There was no difference in the prevalence of adverse pregnancy outcomes (including miscarriages, stillbirths, and congenital malformations) between groups (Table 5). The number of SAEs, including maternal and neonatal deaths, was also similar among the three study arms. The number of women who had SAEs considered as drug-related by the site investigator was higher in the MQ groups: one in the SP group (0.1%; a miscarriage), 11 in the MQ full-dose group (0.7%; one urinary tract infection, one generalized urticaria, one stillbirth, one premature delivery, two miscarriages, and five vomiting episodes), and ten in the MQ split-dose group (0.6%; two miscarriages, two stillbirths, three preterm delivery, one malaria, and three vomiting episodes). Serious adverse pregnancy outcomes considered as drug-related by the study investigators were carefully reviewed by the trial's independent DSMB, which concluded that a causal relationship between the drug and these SAEs could not be established.
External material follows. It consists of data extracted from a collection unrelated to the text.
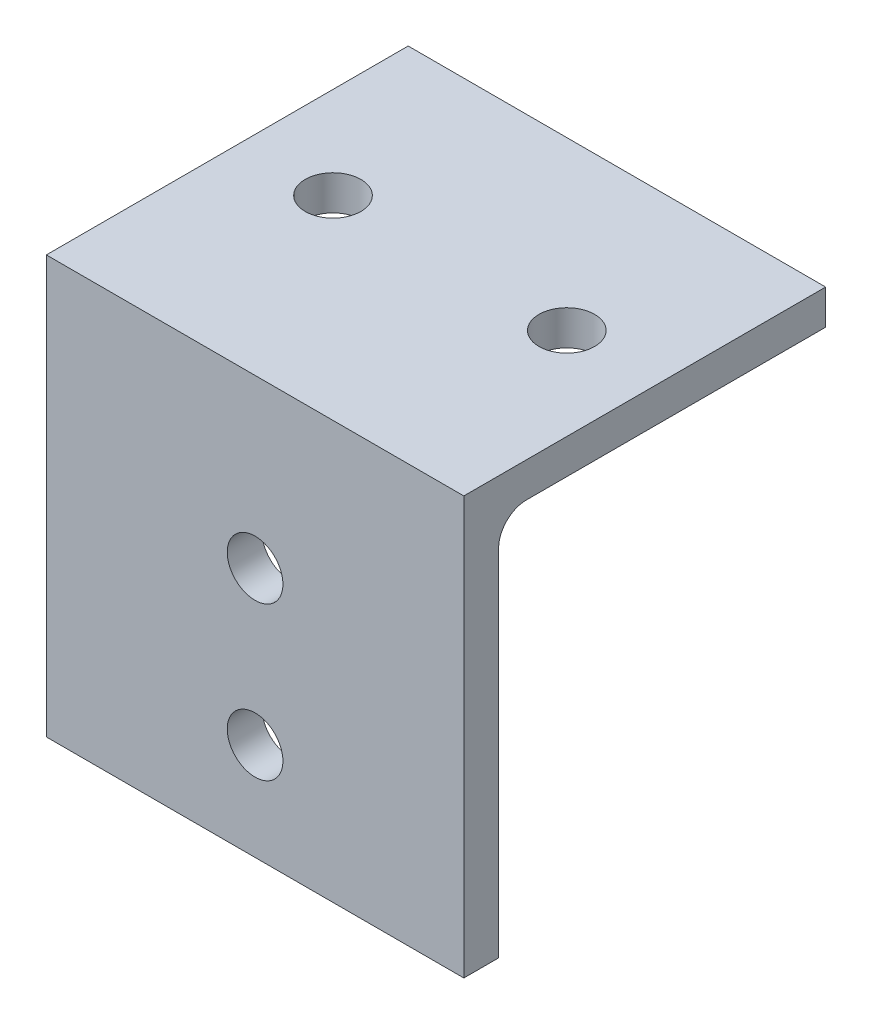
from build123d import *

# Parameters (mm, degrees)
SKETCH1_R           = 2.54
BOSS_EXTRUDE1_DEPTH = 3.175
SKETCH2_W           = 38.1
SKETCH2_H           = 38.1
SKETCH2_R           = 2.54
BOSS_EXTRUDE2_DEPTH = 3.175
FILLET2_R           = 2.54


with BuildPart() as part:
    # Sketch1 → Boss-Extrude1 (new body)
    with BuildSketch(Plane(origin=(0, 0, 0), x_dir=(1, 0, 0), z_dir=(0, 1, 0))):
        Polygon((-19.583364039, 16.770768135), (-5.08, 16.770768135), (5.08, 16.770768135), (18.516635961, 16.770768135), (18.516635961, -13.074231865), (-19.583364039, -13.074231865), align=None)
        with Locations((-11.201364039, 1.530768135)):
            Circle(SKETCH1_R, mode=Mode.SUBTRACT)
        with Locations((10.134635961, 1.530768135)):
            Circle(SKETCH1_R, mode=Mode.SUBTRACT)
    extrude(amount=BOSS_EXTRUDE1_DEPTH)

    # Sketch2 → Boss-Extrude2 (add)
    with BuildSketch(Plane.XY.offset(13.074231865)):
        with Locations((-0.533364039, -15.875)):
            Rectangle(SKETCH2_W, SKETCH2_H)
        with Locations((-0.533364039, -12.065)):
            Circle(SKETCH2_R, mode=Mode.SUBTRACT)
        with Locations((-0.533364039, -26.035)):
            Circle(SKETCH2_R, mode=Mode.SUBTRACT)
    extrude(amount=BOSS_EXTRUDE2_DEPTH)

    # Fillet2
    fillet2_edges = [part.edges().sort_by_distance(p)[0] for p in [
        (-0.533364039, 0, 13.074231865),
    ]]
    fillet(fillet2_edges, radius=FILLET2_R)


solid = part.part

No serious neurological AEs were reported among study participants. The frequency of non-serious reported sleeping disorders was higher in the MQ group (79/3,113, 2.5%; [95% CI 2.0–3.2]) than in the SP group (12/1,561, 0.8% [95% CI 0.4–1.3]). Two women with unknown psychiatric antecedents attempted suicide in the SP group.

The immediate tolerability of IPTp was poorer in the two MQ groups as compared to the SP group, with no difference between the full and split-dose groups (Table 6). The most frequently reported related AEs following the first MQ administration were dizziness (33.9% and 35.5% in the full and split-dose groups, respectively) and vomiting (31.7% and 30.1% in the full and split dose groups, respectively) (Table 7). The majority of these AEs started within 48 hours after drug administration. The mean duration of the aforementioned AEs was one day (IQR 2) and over 70% were classified as mild (Table 8). The prevalence of dizziness and vomiting related to MQ was reduced at the second IPTp administration compared to the first one (Figure 4; Table 7).

Table 9 shows the reported AEs by system organ class and treatment group and Table 10 the list of SAEs related to the drug.

The second IPTp administration was not given to 7% (111/1,559), 11% (178/1,550), and 12% (193/1,562) of women who had received the first administration of SP, MQ full, and split-dose, respectively. In addition, in the MQ split-dose group, 7% (101/1,562) and 8% (108/1,369) of the women did not receive the second half dose at the first and second IPTp administrations, respectively. The proportion of women who had a related AE within two weeks after receiving the first IPTp administration and who did not receive the second IPTp administration was 7% (23/293), 16% (116/721), and 14% (109/769) in the SP, MQ full, and split dose groups, respectively.